--- Instructions to follow ---
Each line that includes "concentric" must be copied from the records.

--- Given data ---
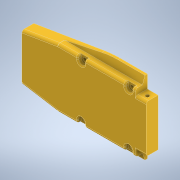
# Autodesk Inventor part: BodyStructure Side
Saved by Autodesk Inventor 2022.2 (Build 262287000, 287)
## iProperties
Created: 2022-01-14
Part Number: BodyStructure Side
Material: Generic
Document SubType Name: Modeling
Designer: Jochen
Density: 1 g/cm^3
Appearance: Default
Author: Jochen
Autodesk Inventor part; units mm, degrees
ref_plane "YZ Plane" through (0, 0, 0) normal (1, 0, 0) x (0, 1, 0)
ref_plane "XZ Plane" through (0, 0, 0) normal (0, 1, 0) x (-1, 0, 0)
ref_plane "Work Plane1" through (0, 0, 50) normal (0, 0, 1) x (1, 0, 0)
sketch "Sketch1" plane through (0, 0, 50) normal (0, 0, 1) x (1, 0, 0)
  line L0 (0, -20) -> (0, 20)
  line L1 (0, 20) -> (-9, 20)
  line L2 (-9, -31) -> (-32, -31)
  line L3 (-45.0709, -29.925) -> (-105, -20)
  line L4 (-105, -20) -> (-105, 20)
  line L5 (-105, 20) -> (-45.0709, 29.925)
  line L6 (-32, 31) -> (-9, 31)
  line L7 (-9, 31) -> (-9, 20)
  line L8 (-9, -20) -> (0, -20)
  line L9 (0, -68.6) -> (0, 68.6) construction
  line L10 (-126, 0) -> (21, 0) construction
  line L11 (-9, -20) -> (-9, -31)
  arc A0 (-45.0709, -29.925) -> (-32, -31) centre (-32, 49) ccw
  arc A1 (-32, 31) -> (-45.0709, 29.925) centre (-32, -49) ccw
  point P0 (0, 0)
  dimension "d2" = 105
  dimension "d3" = 40
  dimension "d4" = 9
  dimension "d6" = 80
  dimension "d7" = 40
  dimension "d8" = 62
  dimension "d9" = 23
  constraints: 20 end point, 4 perpendicular, 4 point on circle, 4 tangent, 2 centre point, 2 parallel, 1 equal radius, 1 point on line, 1 vertical, 4 other
  measures "d2" distance between parallel lines of L4 L9
  measures "d3" distance of L0.start L0.end
  measures "d4" distance between parallel lines of L9 L11
  measures "d6" radius of A0
  measures "d7" distance of L3.end L4.end
  measures "d8" distance between parallel lines of L6 L2
  measures "d9" distance of L2.start L2.end
extrude "Extrusion1" add sketch "Sketch1" along normal blind 10
sketch "Sketch2" plane through (0, 0, 50) normal (0, 0, 1) x (1, 0, 0)
  circle A0 centre (-55, -22) radius 1.5
  circle A1 centre (-15, -22) radius 1.5
  circle A2 centre (-55, 22) radius 1.5
  circle A3 centre (-15, 22) radius 1.5
  line L0 (-4, -10) -> (-4, 10) construction
  line L1 (-5.5, -10) -> (-5.5, 10)
  line L2 (-2.5, 10) -> (-2.5, -10)
  arc A4 (-5.5, -10) -> (-2.5, -10) centre (-4, -10) ccw
  arc A5 (-2.5, 10) -> (-5.5, 10) centre (-4, 10) ccw
  line L3 (-105, -11) -> (-97, -11)
  line L4 (-95, -9) -> (-95, 9)
  line L5 (-97, 11) -> (-105, 11)
  line L6 (-105, 11) -> (-105, -11)
  arc A6 (-97, -11) -> (-95, -9) centre (-97, -9) ccw
  arc A7 (-95, 9) -> (-97, 11) centre (-97, 9) ccw
  line L7 (0, -20) -> (-9, -20) projected
  line L8 (-9, -20) -> (-9, -31) projected
  line L9 (-9, -31) -> (-32, -31) projected
  arc A8 (-45.0709, -29.925) -> (-32, -31) centre (-32, 49) ccw projected
  line L10 (-45.0709, -29.925) -> (-105, -20) projected
  line L11 (-105, -20) -> (-105, 20) projected
  line L12 (-105, 20) -> (-45.0709, 29.925) projected
  arc A9 (-32, 31) -> (-45.0709, 29.925) centre (-32, -49) ccw projected
  line L13 (-32, 31) -> (-9, 31) projected
  line L14 (-9, 31) -> (-9, 20) projected
  line L15 (-9, 20) -> (0, 20) projected
  line L16 (0, 20) -> (0, -20) projected
  line L17 (0, -20) -> (-9, -20) projected
  line L18 (-9, -20) -> (-9, -31) projected
  line L19 (-9, -31) -> (-32, -31) projected
  arc A10 (-45.0709, -29.925) -> (-32, -31) centre (-32, 49) ccw projected
  line L20 (-45.0709, -29.925) -> (-105, -20) projected
  line L21 (-105, -20) -> (-105, 20) projected
  line L22 (-105, 20) -> (-45.0709, 29.925) projected
  arc A11 (-32, 31) -> (-45.0709, 29.925) centre (-32, -49) ccw projected
  line L23 (-32, 31) -> (-9, 31) projected
  line L24 (-9, 31) -> (-9, 20) projected
  line L25 (-9, 20) -> (0, 20) projected
  line L26 (0, 20) -> (0, -20) projected
  line L27 (0, -68.6) -> (0, 68.6) construction
  line L28 (-126, 0) -> (21, 0) construction
  line L29 (-105, 20) -> (-105, -20) construction
  arc A12 (-52, -22) -> (-58, -22) centre (-55, -22) ccw
  arc A13 (-12, -22) -> (-18, -22) centre (-15, -22) ccw
  arc A14 (-58, 22) -> (-52, 22) centre (-55, 22) ccw
  arc A15 (-18, 22) -> (-12, 22) centre (-15, 22) ccw
  line L30 (-7, -15) -> (-7, 15)
  arc A16 (-7, 15) -> (-9, 17) centre (-9, 15) ccw
  line L31 (-9, 17) -> (-15, 17)
  arc A17 (-19.7916, 20.5714) -> (-15, 17) centre (-15, 22) ccw
  line L32 (-21.7082, 22) -> (-47.8121, 22)
  arc A18 (-52.8042, 17) -> (-54, 15.1688) centre (-52, 15.1688) ccw
  line L33 (-54, 15.1688) -> (-54, -15.1688)
  arc A19 (-54, -15.1688) -> (-52.8042, -17) centre (-52, -15.1688) ccw
  line L34 (-47.8121, -22) -> (-21.7082, -22)
  arc A20 (-15, -17) -> (-19.7916, -20.5714) centre (-15, -22) ccw
  line L35 (-15, -17) -> (-9, -17)
  arc A21 (-9, -17) -> (-7, -15) centre (-9, -15) ccw
  arc A22 (-52.8042, 17) -> (-49.7389, 20.5361) centre (-55, 22) ccw
  arc A23 (-19.7916, 20.5714) -> (-21.7082, 22) centre (-21.7082, 20) ccw
  arc A24 (-47.8121, 22) -> (-49.7389, 20.5361) centre (-47.8121, 20) ccw
  line L36 (-55, -22) -> (-55, 22) construction
  line L37 (-56, -15.1688) -> (-56, 15.1688)
  arc A25 (-49.7389, -20.5361) -> (-52.8042, -17) centre (-55, -22) ccw
  arc A26 (-49.7389, -20.5361) -> (-47.8121, -22) centre (-47.8121, -20) ccw
  arc A27 (-21.7082, -22) -> (-19.7916, -20.5714) centre (-21.7082, -20) ccw
  arc A28 (-56, 15.1688) -> (-57.1958, 17) centre (-58, 15.1688) ccw
  arc A29 (-60.2611, 20.5361) -> (-57.1958, 17) centre (-55, 22) ccw
  arc A30 (-60.2611, 20.5361) -> (-62.1879, 22) centre (-62.1879, 20) ccw
  line L38 (-62.1879, 22) -> (-74.3977, 22)
  arc A31 (-74.3977, 22) -> (-74.7245, 21.9731) centre (-74.3977, 20) ccw
  line L39 (-74.7245, 21.9731) -> (-91.3268, 19.2236)
  arc A32 (-91.3268, 19.2236) -> (-93, 17.2505) centre (-91, 17.2505) ccw
  line L40 (-93, 17.2505) -> (-93, -17.2505)
  arc A33 (-93, -17.2505) -> (-91.3268, -19.2236) centre (-91, -17.2505) ccw
  line L41 (-91.3268, -19.2236) -> (-74.7245, -21.9731)
  arc A34 (-57.1958, -17) -> (-56, -15.1688) centre (-58, -15.1688) ccw
  arc A35 (-57.1958, -17) -> (-60.2611, -20.5361) centre (-55, -22) ccw
  arc A36 (-74.7245, -21.9731) -> (-74.3977, -22) centre (-74.3977, -20) ccw
  line L42 (-74.3977, -22) -> (-62.1879, -22)
  arc A37 (-62.1879, -22) -> (-60.2611, -20.5361) centre (-62.1879, -20) ccw
  line L43 (-58, -22) -> (-58, -27.7838)
  line L44 (-52, -22) -> (-52, -28.7774)
  line L45 (-105, -20) -> (-45.0709, -29.925) projected
  line L46 (-18, -22) -> (-18, -31)
  line L47 (-12, -22) -> (-12, -31)
  line L48 (-12, 22) -> (-12, 31)
  line L49 (-9, 31) -> (-32, 31) projected
  line L50 (-18, 22) -> (-18, 31)
  line L51 (-52, 22) -> (-52, 28.7774)
  line L52 (-58, 22) -> (-58, 27.7838)
  line L53 (-45.0709, 29.925) -> (-105, 20) projected
  point P0 (0, 0)
  point P1 (-4, 0)
  point P2 (-105, 0)
  dimension "d12" = 2
  dimension "d13" = 22
  dimension "d14" = 10
  dimension "d15" = 3
  dimension "d16" = 6
  dimension "d17" = 44
  dimension "d18" = 44
  dimension "d20" = 55
  dimension "d21" = 15
  dimension "d22" = 4
  dimension "d23" = 20
  dimension "d24" = 1.5
  dimension "d25" = 3
  dimension "d26" = 2
  dimension "d27" = 2
  dimension "d28" = 44
  dimension "d29" = 2
  dimension "d30" = 2
  dimension "d31" = 3
  constraints: 61 point on circle, 58 end point, 43 tangent, 34 centre point, 18 point on line, 14 equal radius, 7 parallel, 7 vertical, 4 coincident, 3 midpoint, 3 perpendicular, 2 concentric, 2 symmetric about line, 1 collinear, 1 horizontal, 19 other
  measures "d12" radius of A6
  measures "d13" distance of L5.end L3.start
  measures "d14" distance between parallel lines of L11 L4
  measures "d15" diameter of A1
  measures "d16" diameter of A13
  measures "d17" distance of A2.centre A0.centre
  measures "d18" distance of A3.centre A1.centre
  measures "d20" distance from line of L16 A0.centre
  measures "d21" distance from line of L27 A1.centre
  measures "d22" distance between parallel lines of L27 L0
  measures "d23" distance of L0.start L0.end
  measures "d24" radius of A4
  measures "d25" distance between parallel lines of L0 L30
  measures "d26" radius of A16
  measures "d27" radial gap between concentric circles of A15 A17
  measures "d28" distance between parallel lines of L32 L34
  measures "d29" distance between parallel lines of L33 L37
  measures "d30" distance between parallel lines of L40 L4
  measures "d31" distance between parallel lines of L10 L41
extrude "Extrusion2" cut sketch "Sketch2" along normal blind 9 contours L1 A5 L2 A4 | L6 L5 A7 L4 A6 L3 | A21 L35 A20 A27 L34 A26 A25 A19 L33 A18 A22 A24 L32 A23 A17 L31 A16 L30 | A34 A35 A37 L42 A36 L41 A33 L40 A32 L39 A31 L38 A30 A29 A28 L37
sketch "Sketch3" plane through (0, 0, 0) normal (1, 0, 0) x (0, 1, 0)
  line L0 (0, -18.0828) -> (0, 73.4971) construction
  line L1 (-43.4, 0) -> (43.4, 0) construction
  line L2 (-31, 50.0602) -> (-20, 50.0602) construction
  line L3 (-20, 50) -> (-20, 60) construction
  line L4 (-31.0006, 50) -> (-30.9976, 60) construction
  line L5 (20, 50) -> (31, 50) construction
  line L6 (-31, 50) -> (-31, 52)
  line L7 (-25, 54.1838) -> (-25, 58)
  line L8 (-31, 52) -> (-25, 54.1838)
  line L9 (-23, 60) -> (23, 60)
  line L10 (25, 58) -> (25, 54.1838)
  line L11 (29.925, 50) -> (20, 50) projected
  line L12 (25, 54.1838) -> (31, 52)
  line L13 (31, 50) -> (-31, 50)
  line L14 (31, 52) -> (31, 50)
  line L15 (20, 60) -> (20, 50) construction
  line L16 (20, 50) -> (-20, 50) construction
  line L17 (-20, 50) -> (-20, 60) construction
  line L18 (-20, 60) -> (20, 60) construction
  line L19 (20, 60) -> (20, 50) construction
  line L20 (20, 50) -> (-20, 50) construction
  line L21 (-20, 50) -> (-20, 60) construction
  line L22 (-20, 60) -> (20, 60) construction
  line L23 (20, 50) -> (31, 50) construction
  line L24 (31, 50) -> (31, 60) construction
  line L25 (20, 60) -> (31, 60) construction
  line L26 (20, 50) -> (20, 60) construction
  line L27 (-20, 50) -> (20, 50) construction
  line L28 (20, 50) -> (20, 60) construction
  line L29 (-20, 60) -> (20, 60) construction
  line L30 (-20, 50) -> (-20, 60) construction
  line L31 (-31, 50) -> (-20, 50) construction
  line L32 (-20, 50) -> (-20, 60) construction
  line L33 (-31, 60) -> (-20, 60) construction
  line L34 (-31, 50) -> (-31, 60) construction
  arc A0 (-23, 60) -> (-25, 58) centre (-23, 58) ccw
  arc A1 (25, 58) -> (23, 60) centre (23, 58) ccw
  point P0 (0, 0)
  point P1 (25, 56.0919)
  dimension "d35" = 20
  dimension "d36" = 50
  dimension "d37" = 2
  dimension "d38" = 46
  constraints: 18 end point, 4 point on circle, 4 point on line, 4 tangent, 2 centre point, 1 coincident, 1 midpoint, 1 parallel, 1 perpendicular, 1 vertical, 5 other
  measures "d35" angle of L2 L8
  measures "d36" distance from line of point (25, 56.092) L7
  measures "d37" distance of L2.start L6.end
  measures "d38" distance of L9.end L9.start
extrude "Extrusion4" cut sketch "Sketch3" against normal through all keep common part
extrude "Extrusion5" cut sketch "Sketch2" against normal blind 3 from surface at 10 contours A0 | A1 | A2 | A3 | L43 A12 L44 L10 | L12 L51 A14 L52 | L46 A13 L47 L9 | L13 L48 A15 L50
extrude "Extrusion6" cut sketch "Sketch2" along normal through all contours A0 | A1 | A2 | A3
fillet "Fillet1" radius 1 28 edges at (-18, 24.4142, 59.4142) (-18, 25, 57.5) (-15, 19, 60) (-12, 22.5, 60) (-12, 24.4142, 59.4142) (-12, 25, 57.5) (-18, 22.5, 60) (-58, 25, 57.5) (-58, 22.5, 60) (-55, 19, 60) (-52, 22.5, 60) (-52, 24.4142, 59.4142) (-52, 25, 57.5) (-58, 24.4142, 59.4142) (-52, -22.5, 60) (-52, -24.4142, 59.4142) (-52, -25, 57.5) (-58, -22.5, 60) (-58, -24.4142, 59.4142) (-58, -25, 57.5) (-55, -19, 60) (-12, -22.5, 60) (-12, -24.4142, 59.4142) (-12, -25, 57.5) (-18, -22.5, 60) (-18, -24.4142, 59.4142) (-18, -25, 57.5) (-15, -19, 60)
fillet "Fillet1" radius 2 2 edges at (-4.5, 20, 60) (-4.5, -20, 60)
fillet "Fillet1" radius 2 6 edges at (-78.346, -24.4142, 59.4142) (-74.8089, -25, 56.0919) (-95.9427, -21.5, 60) (-78.346, 24.4142, 59.4142) (-74.8089, 25, 56.0919) (-95.9427, 21.5, 60)
sketch "Sketch4" plane through (0, 0, 0) normal (0, 1, 0) x (-1, 0, 0)
  line L0 (0, -11.8) -> (0, 70.8) construction
  line L1 (10.8, 0) -> (-1.8, 0) construction
  circle A0 centre (4, 55) radius 1.5
  line L2 (5.5, 50) -> (5.5, 59) construction
  line L3 (9, 50) -> (0, 50) construction
  point P0 (0, 0)
  dimension "d52" = 3
  dimension "d53" = 5
  constraints: 1 centre point, 1 tangent
  measures "d52" diameter of A0
  measures "d53" distance from line of L3 A0.centre
extrude "Extrusion7" cut sketch "Sketch4" along normal through all both and the other way through all
sketch "Sketch5" plane through (0, 0, 0) normal (1, 0, 0) x (0, 1, 0)
  circle A0 centre (15, 55) radius 1.5
  circle A1 centre (-15, 55) radius 1.5
  line L0 (-10, 50) -> (10, 50) projected
  line L1 (0, -11.3) -> (0, 67.8) construction
  line L2 (-23.1, 0) -> (23.1, 0) construction
  point P0 (0, 0)
  dimension "d56" = 3
  dimension "d57" = 5
  dimension "d58" = 30
  constraints: 2 centre point, 1 equal radius, 1 symmetric about line
  measures "d56" diameter of A1
  measures "d57" distance from line of L0 A1.centre
  measures "d58" distance of A0.centre A1.centre
extrude "Extrusion8" cut sketch "Sketch5" along normal blind 10 from surface at -105
equation "\"d18\" = d17"
body "Solid1"

--- Answer to this problem ---
  constraints: 61 point on circle, 58 end point, 43 tangent, 34 centre point, 18 point on line, 14 equal radius, 7 parallel, 7 vertical, 4 coincident, 3 midpoint, 3 perpendicular, 2 concentric, 2 symmetric about line, 1 collinear, 1 horizontal, 19 other
  measures "d27" radial gap between concentric circles of A15 A17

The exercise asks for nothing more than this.